(Dataset entries)
☆ ☆ ☆ ☆ ☆ ☆ ☆

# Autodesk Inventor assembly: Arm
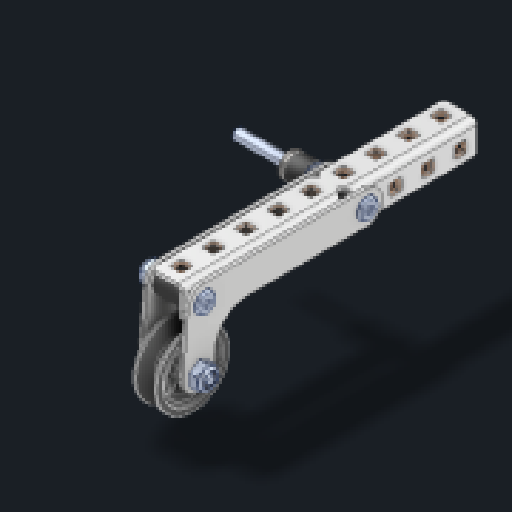
[picture p0: Inventor's stored thumbnail of the model, 512x512]
Saved by Autodesk Inventor 2025.1 (Build 291241000, 241)
## iProperties
Created: 2024-10-24
Part Number: Arm
Document SubType Name: Assembly
Designer: avere
Author: avere
## Documents named in this file (16)
- C:\Users\avere\VEX\High Stakes\CAD\V2\Hang\Arm.iam
- C:\Users\avere\VEX\High Stakes\CAD\ROBOPROS-CAD-Inventor\Structure\Angle\Aluminum 1x1\Alu Angle 1x1x9.ipt
- C:\Users\avere\VEX\High Stakes\CAD\ROBOPROS-CAD-Inventor\Motion\Spacers\Spacer Nylon .375 OD\NSpacer .375 OD x .500.ipt
- C:\Users\avere\VEX\High Stakes\CAD\ROBOPROS-CAD-Inventor\Motion\Spacers\Spacer Nylon .375 OD.ipt
- C:\Users\avere\VEX\High Stakes\CAD\V2\Hang\Custom Parts\Passive Gusset.ipt
- C:\Users\avere\VEX\High Stakes\CAD\ROBOPROS-CAD-Inventor\Motion\Pulley.ipt
- C:\Users\avere\VEX\High Stakes\CAD\ROBOPROS-CAD-Inventor\Structure\Hardware\Nut Keps.ipt
- C:\Users\avere\VEX\High Stakes\CAD\ROBOPROS-CAD-Inventor\Structure\Hardware\Screw Shoulder Robosource\SScrew Shoulder Smooth 2.000 x .04.ipt
- C:\Users\avere\VEX\High Stakes\CAD\ROBOPROS-CAD-Inventor\Structure\Hardware\Screw Shoulder Robosource.ipt
- C:\Users\avere\VEX\High Stakes\CAD\ROBOPROS-CAD-Inventor\Motion\Spacers\Spacer Nylon .375 OD\NSpacer .375 OD x .250.ipt
- C:\Users\avere\VEX\High Stakes\CAD\ROBOPROS-CAD-Inventor\Motion\Spacers\Washer Steel\SWasher .375 OD x .031250.ipt
- C:\Users\avere\VEX\High Stakes\CAD\ROBOPROS-CAD-Inventor\Motion\Spacers\Washer Steel.ipt
- C:\Users\avere\VEX\High Stakes\CAD\ROBOPROS-CAD-Inventor\Motion\Spacers\Washer Steel\SWasher .375 OD x .062500.ipt
- C:\Users\avere\VEX\High Stakes\CAD\ROBOPROS-CAD-Inventor\Structure\Hardware\Screw Steel - Star\SScrew Star Smooth .875.ipt
- C:\Users\avere\VEX\High Stakes\CAD\ROBOPROS-CAD-Inventor\Structure\Hardware\Screw Steel - Star.ipt
- C:\Users\avere\VEX\High Stakes\CAD\ROBOPROS-CAD-Inventor\Structure\Hardware\Nut Thin Nylock.ipt
## Components (16 placed, 11 different names)
1. Alu Angle 1x1x9:1 — Insert:1, Insert:2, Insert:3, Mate:1
2. NSpacer .375 OD x .500:1 — Insert:2, Mate:2
3. NSpacer .375 OD x .500:2 — Insert:1, Insert:4
4. Passive Gusset:1 — Insert:3, Mate:1, Insert:8, Insert:12, Insert:14
5. Passive Gusset:2 — Insert:4, Mate:2, Insert:5, Insert:7, Insert:13, Insert:15
6. Pulley:1 — Insert:6
7. Nut Keps:1 — Insert:5, Insert:6
8. Nut Keps:2 — Insert:7, Insert:11
9. SScrew Shoulder Smooth 2.000 x .04:1 — Insert:8
10. NSpacer .375 OD x .250:3 — Insert:9, Insert:11
11. SWasher .375 OD x .031250:1 — Insert:10
12. SWasher .375 OD x .062500:2 — Insert:9, Insert:10
13. SScrew Star Smooth .875:1 — Insert:12
14. Nut Thin Nylock:1 — Insert:13
15. Nut Thin Nylock:2 — Insert:14
16. SScrew Star Smooth .875:2 — Insert:15
## Relationships (17: Insert 15, Mate 2)
- Insert:1: Alu Angle 1x1x9:1 ↔ NSpacer .375 OD x .500:2
- Insert:2: Alu Angle 1x1x9:1 ↔ NSpacer .375 OD x .500:1
- Insert:3: Alu Angle 1x1x9:1 ↔ Passive Gusset:1
- Mate:1: Alu Angle 1x1x9:1 ↔ Passive Gusset:1
- Insert:4: NSpacer .375 OD x .500:2 ↔ Passive Gusset:2
- Mate:2: NSpacer .375 OD x .500:1 ↔ Passive Gusset:2
- Insert:5: Passive Gusset:2 ↔ Nut Keps:1
- Insert:6 (0.3969 mm): Pulley:1 ↔ Nut Keps:1
- Insert:7: Passive Gusset:2 ↔ Nut Keps:2
- Insert:8: Passive Gusset:1 ↔ SScrew Shoulder Smooth 2.000 x .04:1
- Insert:9: NSpacer .375 OD x .250:3 ↔ SWasher .375 OD x .062500:2
- Insert:10: SWasher .375 OD x .031250:1 ↔ SWasher .375 OD x .062500:2
- Insert:11: Nut Keps:2 ↔ NSpacer .375 OD x .250:3
- Insert:12: Passive Gusset:1 ↔ SScrew Star Smooth .875:1
- Insert:13: Passive Gusset:2 ↔ Nut Thin Nylock:1
- Insert:14: Passive Gusset:1 ↔ Nut Thin Nylock:2
- Insert:15: Passive Gusset:2 ↔ SScrew Star Smooth .875:2
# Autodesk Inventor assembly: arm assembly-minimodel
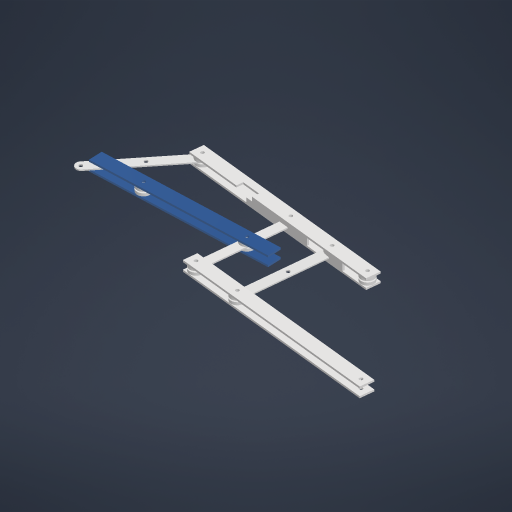
[picture p0: Inventor's stored thumbnail of the model, 512x512]
Saved by Autodesk Inventor 2024.2 (Build 282272000, 272)
## iProperties
Created: 2024-01-19
Part Number: arm assembly-minimodel
Document SubType Name: Assembly
Designer: ctam0
Author: ctam0
## Documents named in this file (6)
- C:\Users\ctam0\Downloads\TRACER DOCUMENTS 1-13-2024\Arm Completed\arm assembly-minimodel.iam
- C:\Users\ctam0\Downloads\TRACER DOCUMENTS 1-13-2024\Arm Completed\ArmPart2Mini.ipt
- C:\Users\ctam0\Downloads\TRACER DOCUMENTS 1-13-2024\Arm Completed\ArmPart3Mini.ipt
- C:\Users\ctam0\Downloads\TRACER DOCUMENTS 1-13-2024\Arm Completed\ArmPart1Mini.ipt
- C:\Users\ctam0\Downloads\TRACER DOCUMENTS 1-13-2024\Arm Completed\ArmSpacerMini.ipt
- C:\Users\ctam0\Downloads\TRACER DOCUMENTS 1-13-2024\Arm Completed\ArmConnector1Mini.ipt
## Components (22 placed, 5 different names)
1. ArmPart2Mini:1 — Angle:1, Mate:13, Mate:14, Mate:15, Mate:16, Angle:2, Angle:3, Angle:4
2. ArmPart3Mini:1 — Mate:2, Mate:3, Angle:1, Angle:2, Mate:20, Angle:3, Mate:26, Mate:30, Mate:31
3. ArmPart1Mini:1 — Angle:4, Mate:32, Mate:33, Mate:34, Mate:35, Mate:36, Mate:38, Mate:39, Mate:41, Mate:42, Mate:43, Mate:44, Mate:45, Mate:46, Mate:47, Mate:48, Mate:49, Mate:50
4. ArmSpacerMini:1 — Mate:33, Mate:41
5. ArmSpacerMini:2 — Mate:32, Mate:42
6. ArmSpacerMini:3 — Mate:3, Mate:30
7. ArmSpacerMini:4 — Mate:20, Mate:29, Mate:31
8. ArmSpacerMini:5 — Mate:34, Mate:43, Mate:48, Mate:51
9. ArmSpacerMini:6 — Mate:36, Mate:47, Mate:52
10. ArmSpacerMini:7 — Mate:35, Mate:44
11. ArmSpacerMini:8 — Mate:38, Mate:45
12. ArmSpacerMini:9 — Mate:49, Mate:50
13. ArmSpacerMini:10 — Mate:39, Mate:46, Mate:53
14. ArmSpacerMini:11 — Mate:14, Mate:18, Mate:19
15. ArmSpacerMini:12 — Mate:13, Mate:17
16. ArmSpacerMini:13 — Mate:16
17. ArmSpacerMini:14 — Mate:15
18. ArmSpacerMini:15 — Mate:2, Insert:1
19. ArmSpacerMini:16 — Mate:26, Mate:27
20. ArmConnector1Mini:1 — Mate:29, Mate:51
21. ArmConnector1Mini:2 — Mate:18, Mate:19, Mate:17, Insert:1, Mate:27, Mate:52
22. ArmConnector1Mini:3 — Mate:53
## Relationships (40: Mate 35, Angle 4, Insert 1)
- Mate:2: ArmPart3Mini:1 ↔ ArmSpacerMini:15
- Mate:3: ArmPart3Mini:1 ↔ ArmSpacerMini:3
- Angle:1 (0 deg): ArmPart2Mini:1 ↔ ArmPart3Mini:1
- Mate:13: ArmPart2Mini:1 ↔ ArmSpacerMini:12
- Mate:14: ArmPart2Mini:1 ↔ ArmSpacerMini:11
- Mate:15: ArmPart2Mini:1 ↔ ArmSpacerMini:14
- Mate:16: ArmPart2Mini:1 ↔ ArmSpacerMini:13
- Angle:2 (90 deg): ArmPart2Mini:1 ↔ ArmPart3Mini:1
- Mate:18: ArmSpacerMini:11 ↔ ArmConnector1Mini:2
- Mate:19: ArmSpacerMini:11 ↔ ArmConnector1Mini:2
- Mate:17: ArmSpacerMini:12 ↔ ArmConnector1Mini:2
- Mate:20: ArmPart3Mini:1 ↔ ArmSpacerMini:4
- Angle:3 (0 deg): ArmPart2Mini:1 ↔ ArmPart3Mini:1
- Insert:1: ArmSpacerMini:15 ↔ ArmConnector1Mini:2
- Mate:26: ArmPart3Mini:1 ↔ ArmSpacerMini:16
- Mate:27: ArmSpacerMini:16 ↔ ArmConnector1Mini:2
- Mate:29: ArmSpacerMini:4 ↔ ArmConnector1Mini:1
- Mate:30: ArmPart3Mini:1 ↔ ArmSpacerMini:3
- Mate:31: ArmPart3Mini:1 ↔ ArmSpacerMini:4
- Angle:4 (0 deg): ArmPart2Mini:1 ↔ ArmPart1Mini:1
- Mate:32: ArmPart1Mini:1 ↔ ArmSpacerMini:2
- Mate:33: ArmPart1Mini:1 ↔ ArmSpacerMini:1
- Mate:34: ArmPart1Mini:1 ↔ ArmSpacerMini:5
- Mate:35: ArmPart1Mini:1 ↔ ArmSpacerMini:7
- Mate:36: ArmPart1Mini:1 ↔ ArmSpacerMini:6
- Mate:38: ArmPart1Mini:1 ↔ ArmSpacerMini:8
- Mate:39: ArmPart1Mini:1 ↔ ArmSpacerMini:10
- Mate:41: ArmPart1Mini:1 ↔ ArmSpacerMini:1
- Mate:42: ArmPart1Mini:1 ↔ ArmSpacerMini:2
- Mate:43: ArmPart1Mini:1 ↔ ArmSpacerMini:5
- Mate:44: ArmPart1Mini:1 ↔ ArmSpacerMini:7
- Mate:45: ArmPart1Mini:1 ↔ ArmSpacerMini:8
- Mate:46: ArmPart1Mini:1 ↔ ArmSpacerMini:10
- Mate:47: ArmPart1Mini:1 ↔ ArmSpacerMini:6
- Mate:48: ArmPart1Mini:1 ↔ ArmSpacerMini:5
- Mate:49: ArmPart1Mini:1 ↔ ArmSpacerMini:9
- Mate:50: ArmPart1Mini:1 ↔ ArmSpacerMini:9
- Mate:51: ArmSpacerMini:5 ↔ ArmConnector1Mini:1
- Mate:52: ArmSpacerMini:6 ↔ ArmConnector1Mini:2
- Mate:53: ArmSpacerMini:10 ↔ ArmConnector1Mini:3
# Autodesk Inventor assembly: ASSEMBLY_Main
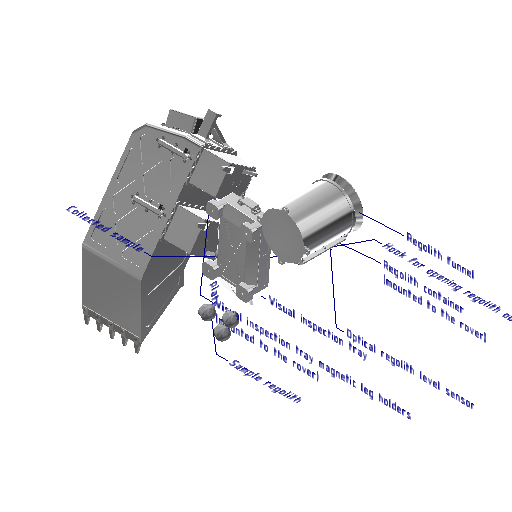
[picture p0: Inventor's stored thumbnail of the model, 512x512]
Saved by Autodesk Inventor 2025 (Build 290162010, 162A)
## iProperties
Created: 2018-09-12
Part Number: ASSEMBLY_Main
Document SubType Name: Assembly
Designer: Andrzej
Mass: 460.401 g
Surface Area: 1990.25 cm^2
Volume: 164.779 cm^3
Density: 2.79405 g/cm^3
Author: Andrzej
## Documents named in this file (15)
- D:\_ANDRZEJ_LACZEWSKI\_OTHER\MECH - My entry for the NASA Lunar Sampling System Design Challenge\MCAD\1_REV1\ASSEMBLY_MAIN_REVA\ASSEMBLY_Main.iam
- D:\_ANDRZEJ_LACZEWSKI\_OTHER\MECH - My entry for the NASA Lunar Sampling System Design Challenge\MCAD\1_REV1\ASSEMBLY_MAIN_REVA\CNCM_ALU_Sorting_shovel_base_plate.ipt
- D:\_ANDRZEJ_LACZEWSKI\_OTHER\MECH - My entry for the NASA Lunar Sampling System Design Challenge\MCAD\1_REV1\ASSEMBLY_MAIN_REVA\CNCM_ALU_Second_sieve.ipt
- D:\_ANDRZEJ_LACZEWSKI\_OTHER\MECH - My entry for the NASA Lunar Sampling System Design Challenge\MCAD\1_REV1\ASSEMBLY_MAIN_REVA\CNCM_ALU_Sorting_shovel_top_plate.ipt
- D:\_ANDRZEJ_LACZEWSKI\_OTHER\MECH - My entry for the NASA Lunar Sampling System Design Challenge\MCAD\1_REV1\ASSEMBLY_MAIN_REVA\CNCM_ALU_First_barrier.ipt
- D:\_ANDRZEJ_LACZEWSKI\_OTHER\MECH - My entry for the NASA Lunar Sampling System Design Challenge\MCAD\1_REV1\ASSEMBLY_MAIN_REVA\CNCM_ALU_First_sieve.ipt
- D:\_ANDRZEJ_LACZEWSKI\_OTHER\MECH - My entry for the NASA Lunar Sampling System Design Challenge\MCAD\1_REV1\ASSEMBLY_MAIN_REVA\ASSEMBLY_Vibration_module.iam
- D:\_ANDRZEJ_LACZEWSKI\_OTHER\MECH - My entry for the NASA Lunar Sampling System Design Challenge\MCAD\1_REV1\ASSEMBLY_MAIN_REVA\ASSEMBLY_Regolith_level_sensor_with_screws.iam
- D:\_ANDRZEJ_LACZEWSKI\_OTHER\MECH - My entry for the NASA Lunar Sampling System Design Challenge\MCAD\1_REV1\ASSEMBLY_MAIN_REVA\ASSEMBLY_Bucket_tooth.iam
- D:\_ANDRZEJ_LACZEWSKI\_OTHER\MECH - My entry for the NASA Lunar Sampling System Design Challenge\MCAD\1_REV1\ASSEMBLY_MAIN_REVA\ASSEMBLY_Regolith_Container.iam
- D:\_ANDRZEJ_LACZEWSKI\_OTHER\MECH - My entry for the NASA Lunar Sampling System Design Challenge\MCAD\1_REV1\ASSEMBLY_MAIN_REVA\ASSEMBLY_Visual_inspection_tray.iam
- D:\_ANDRZEJ_LACZEWSKI\_OTHER\MECH - My entry for the NASA Lunar Sampling System Design Challenge\MCAD\1_REV1\ASSEMBLY_MAIN_REVA\CNCM_ALU_Visual_inspection_tray_hook.ipt
- D:\_ANDRZEJ_LACZEWSKI\_OTHER\MECH - My entry for the NASA Lunar Sampling System Design Challenge\MCAD\1_REV1\ASSEMBLY_MAIN_REVA\ASSEMBLY_Outlet_channel_1.iam
- D:\_ANDRZEJ_LACZEWSKI\_OTHER\MECH - My entry for the NASA Lunar Sampling System Design Challenge\MCAD\1_REV1\ASSEMBLY_MAIN_REVA\ASSEMBLY_Outlet_channel_2.iam
- D:\_ANDRZEJ_LACZEWSKI\_OTHER\MECH - My entry for the NASA Lunar Sampling System Design Challenge\MCAD\1_REV1\ASSEMBLY_MAIN_REVA\OTH_15mm_rock.ipt
## Components (19 placed, 14 different names)
1. CNCM_ALU_Sorting_shovel_base_plate:1 — Mate:3, Mate:4, Mate:5, Mate:17, Mate:23, Mate:24, Mate:26, Mate:27, Mate:28, Flush:8, Flush:9, Flush:10, Mate:35, Mate:36, Mate:43, Mate:45, Mate:46, Mate:47, Mate:48, Mate:49, Mate:50, Mate:51, Mate:52, Mate:53, Mate:59, Mate:60, Flush:16, Mate:63, Mate:64, Flush:19, Flush:20, Flush:21, Flush:22, Mate:65, Mate:66, Mate:67, Mate:68
2. CNCM_ALU_Second_sieve:1 — Mate:3, Mate:4, Mate:5, Mate:25
3. CNCM_ALU_First_barrier:1 — Mate:17, Mate:28, Flush:9
4. CNCM_ALU_First_sieve:1 — Mate:23, Mate:24, Mate:25
5. CNCM_ALU_First_barrier:2 — Mate:26, Mate:27, Flush:8
6. CNCM_ALU_Sorting_shovel_top_plate:1 — Flush:10, Mate:35, Mate:36
7. ASSEMBLY_Vibration_module:1 [sub-assembly] — Mate:43, Mate:65, Mate:66
8. ASSEMBLY_Regolith_level_sensor_with_screws:1 [sub-assembly] — Mate:46, Mate:47, Mate:50
9. ASSEMBLY_Regolith_level_sensor_with_screws:2 [sub-assembly] — Mate:45, Mate:48, Mate:49
10. ASSEMBLY_Bucket_tooth:1 [sub-assembly] — Mate:51, Mate:52, Mate:53
11. CNCM_ALU_Visual_inspection_tray_hook:1 — Mate:59, Mate:60, Flush:16
12. ASSEMBLY_Outlet_channel_2:1 [sub-assembly] — Mate:64, Flush:19, Flush:20
13. ASSEMBLY_Outlet_channel_1:1 [sub-assembly] — Mate:63, Flush:21, Flush:22
14. ASSEMBLY_Regolith_Container:1 [sub-assembly] — Flush:24, Mate:69
15. ASSEMBLY_Visual_inspection_tray:1 [sub-assembly] — Flush:24
16. OTH_15mm_rock:2
17. OTH_15mm_rock:3
18. OTH_15mm_rock:4
19. OTH_15mm_rock:5
## Relationships (40: Mate 31, Flush 9)
- Mate:3: CNCM_ALU_Sorting_shovel_base_plate:1 ↔ CNCM_ALU_Second_sieve:1
- Mate:4: CNCM_ALU_Sorting_shovel_base_plate:1 ↔ CNCM_ALU_Second_sieve:1
- Mate:5 (50 mm): CNCM_ALU_Sorting_shovel_base_plate:1 ↔ CNCM_ALU_Second_sieve:1
- Mate:17: CNCM_ALU_Sorting_shovel_base_plate:1 ↔ CNCM_ALU_First_barrier:1
- Mate:23: CNCM_ALU_Sorting_shovel_base_plate:1 ↔ CNCM_ALU_First_sieve:1
- Mate:24: CNCM_ALU_Sorting_shovel_base_plate:1 ↔ CNCM_ALU_First_sieve:1
- Mate:25 (50 mm): CNCM_ALU_Second_sieve:1 ↔ CNCM_ALU_First_sieve:1
- Mate:26: CNCM_ALU_Sorting_shovel_base_plate:1 ↔ CNCM_ALU_First_barrier:2
- Mate:27: CNCM_ALU_Sorting_shovel_base_plate:1 ↔ CNCM_ALU_First_barrier:2
- Mate:28: CNCM_ALU_Sorting_shovel_base_plate:1 ↔ CNCM_ALU_First_barrier:1
- Flush:8: CNCM_ALU_Sorting_shovel_base_plate:1 ↔ CNCM_ALU_First_barrier:2
- Flush:9: CNCM_ALU_Sorting_shovel_base_plate:1 ↔ CNCM_ALU_First_barrier:1
- Flush:10: CNCM_ALU_Sorting_shovel_base_plate:1 ↔ CNCM_ALU_Sorting_shovel_top_plate:1
- Mate:35: CNCM_ALU_Sorting_shovel_base_plate:1 ↔ CNCM_ALU_Sorting_shovel_top_plate:1
- Mate:36: CNCM_ALU_Sorting_shovel_base_plate:1 ↔ CNCM_ALU_Sorting_shovel_top_plate:1
- Mate:43: CNCM_ALU_Sorting_shovel_base_plate:1 ↔ ASSEMBLY_Vibration_module:1
- Mate:45: CNCM_ALU_Sorting_shovel_base_plate:1 ↔ ASSEMBLY_Regolith_level_sensor_with_screws:2
- Mate:46: CNCM_ALU_Sorting_shovel_base_plate:1 ↔ ASSEMBLY_Regolith_level_sensor_with_screws:1
- Mate:47: CNCM_ALU_Sorting_shovel_base_plate:1 ↔ ASSEMBLY_Regolith_level_sensor_with_screws:1
- Mate:48: CNCM_ALU_Sorting_shovel_base_plate:1 ↔ ASSEMBLY_Regolith_level_sensor_with_screws:2
- Mate:49: CNCM_ALU_Sorting_shovel_base_plate:1 ↔ ASSEMBLY_Regolith_level_sensor_with_screws:2
- Mate:50: CNCM_ALU_Sorting_shovel_base_plate:1 ↔ ASSEMBLY_Regolith_level_sensor_with_screws:1
- Mate:51: CNCM_ALU_Sorting_shovel_base_plate:1 ↔ ASSEMBLY_Bucket_tooth:1
- Mate:52: CNCM_ALU_Sorting_shovel_base_plate:1 ↔ ASSEMBLY_Bucket_tooth:1
- Mate:53: CNCM_ALU_Sorting_shovel_base_plate:1 ↔ ASSEMBLY_Bucket_tooth:1
- Mate:59: CNCM_ALU_Sorting_shovel_base_plate:1 ↔ CNCM_ALU_Visual_inspection_tray_hook:1
- Mate:60: CNCM_ALU_Sorting_shovel_base_plate:1 ↔ CNCM_ALU_Visual_inspection_tray_hook:1
- Flush:16: CNCM_ALU_Sorting_shovel_base_plate:1 ↔ CNCM_ALU_Visual_inspection_tray_hook:1
- Mate:63: CNCM_ALU_Sorting_shovel_base_plate:1 ↔ ASSEMBLY_Outlet_channel_1:1
- Mate:64: CNCM_ALU_Sorting_shovel_base_plate:1 ↔ ASSEMBLY_Outlet_channel_2:1
- Flush:19: CNCM_ALU_Sorting_shovel_base_plate:1 ↔ ASSEMBLY_Outlet_channel_2:1
- Flush:20: CNCM_ALU_Sorting_shovel_base_plate:1 ↔ ASSEMBLY_Outlet_channel_2:1
- Flush:21: CNCM_ALU_Sorting_shovel_base_plate:1 ↔ ASSEMBLY_Outlet_channel_1:1
- Flush:22: CNCM_ALU_Sorting_shovel_base_plate:1 ↔ ASSEMBLY_Outlet_channel_1:1
- Mate:65: CNCM_ALU_Sorting_shovel_base_plate:1 ↔ ASSEMBLY_Vibration_module:1
- Mate:66: CNCM_ALU_Sorting_shovel_base_plate:1 ↔ ASSEMBLY_Vibration_module:1
- Flush:24: ASSEMBLY_Regolith_Container:1 ↔ ASSEMBLY_Visual_inspection_tray:1
- Mate:67: CNCM_ALU_Sorting_shovel_base_plate:1
- Mate:68: CNCM_ALU_Sorting_shovel_base_plate:1
- Mate:69: ASSEMBLY_Regolith_Container:1

☆ ☆ ☆ ☆ ☆ ☆ ☆

**Exercise brief:** Every line above from the line with "Part Number: arm assembly-minimodel" to the line with "17. ArmSpacerMini:14 — Mate:15", both included, must be reproduced exactly, and no other line may appear.

**Task output:**
Part Number: arm assembly-minimodel
Document SubType Name: Assembly
Designer: ctam0
Author: ctam0
## Documents named in this file (6)
- C:\Users\ctam0\Downloads\TRACER DOCUMENTS 1-13-2024\Arm Completed\arm assembly-minimodel.iam
- C:\Users\ctam0\Downloads\TRACER DOCUMENTS 1-13-2024\Arm Completed\ArmPart2Mini.ipt
- C:\Users\ctam0\Downloads\TRACER DOCUMENTS 1-13-2024\Arm Completed\ArmPart3Mini.ipt
- C:\Users\ctam0\Downloads\TRACER DOCUMENTS 1-13-2024\Arm Completed\ArmPart1Mini.ipt
- C:\Users\ctam0\Downloads\TRACER DOCUMENTS 1-13-2024\Arm Completed\ArmSpacerMini.ipt
- C:\Users\ctam0\Downloads\TRACER DOCUMENTS 1-13-2024\Arm Completed\ArmConnector1Mini.ipt
## Components (22 placed, 5 different names)
1. ArmPart2Mini:1 — Angle:1, Mate:13, Mate:14, Mate:15, Mate:16, Angle:2, Angle:3, Angle:4
2. ArmPart3Mini:1 — Mate:2, Mate:3, Angle:1, Angle:2, Mate:20, Angle:3, Mate:26, Mate:30, Mate:31
3. ArmPart1Mini:1 — Angle:4, Mate:32, Mate:33, Mate:34, Mate:35, Mate:36, Mate:38, Mate:39, Mate:41, Mate:42, Mate:43, Mate:44, Mate:45, Mate:46, Mate:47, Mate:48, Mate:49, Mate:50
4. ArmSpacerMini:1 — Mate:33, Mate:41
5. ArmSpacerMini:2 — Mate:32, Mate:42
6. ArmSpacerMini:3 — Mate:3, Mate:30
7. ArmSpacerMini:4 — Mate:20, Mate:29, Mate:31
8. ArmSpacerMini:5 — Mate:34, Mate:43, Mate:48, Mate:51
9. ArmSpacerMini:6 — Mate:36, Mate:47, Mate:52
10. ArmSpacerMini:7 — Mate:35, Mate:44
11. ArmSpacerMini:8 — Mate:38, Mate:45
12. ArmSpacerMini:9 — Mate:49, Mate:50
13. ArmSpacerMini:10 — Mate:39, Mate:46, Mate:53
14. ArmSpacerMini:11 — Mate:14, Mate:18, Mate:19
15. ArmSpacerMini:12 — Mate:13, Mate:17
16. ArmSpacerMini:13 — Mate:16
17. ArmSpacerMini:14 — Mate:15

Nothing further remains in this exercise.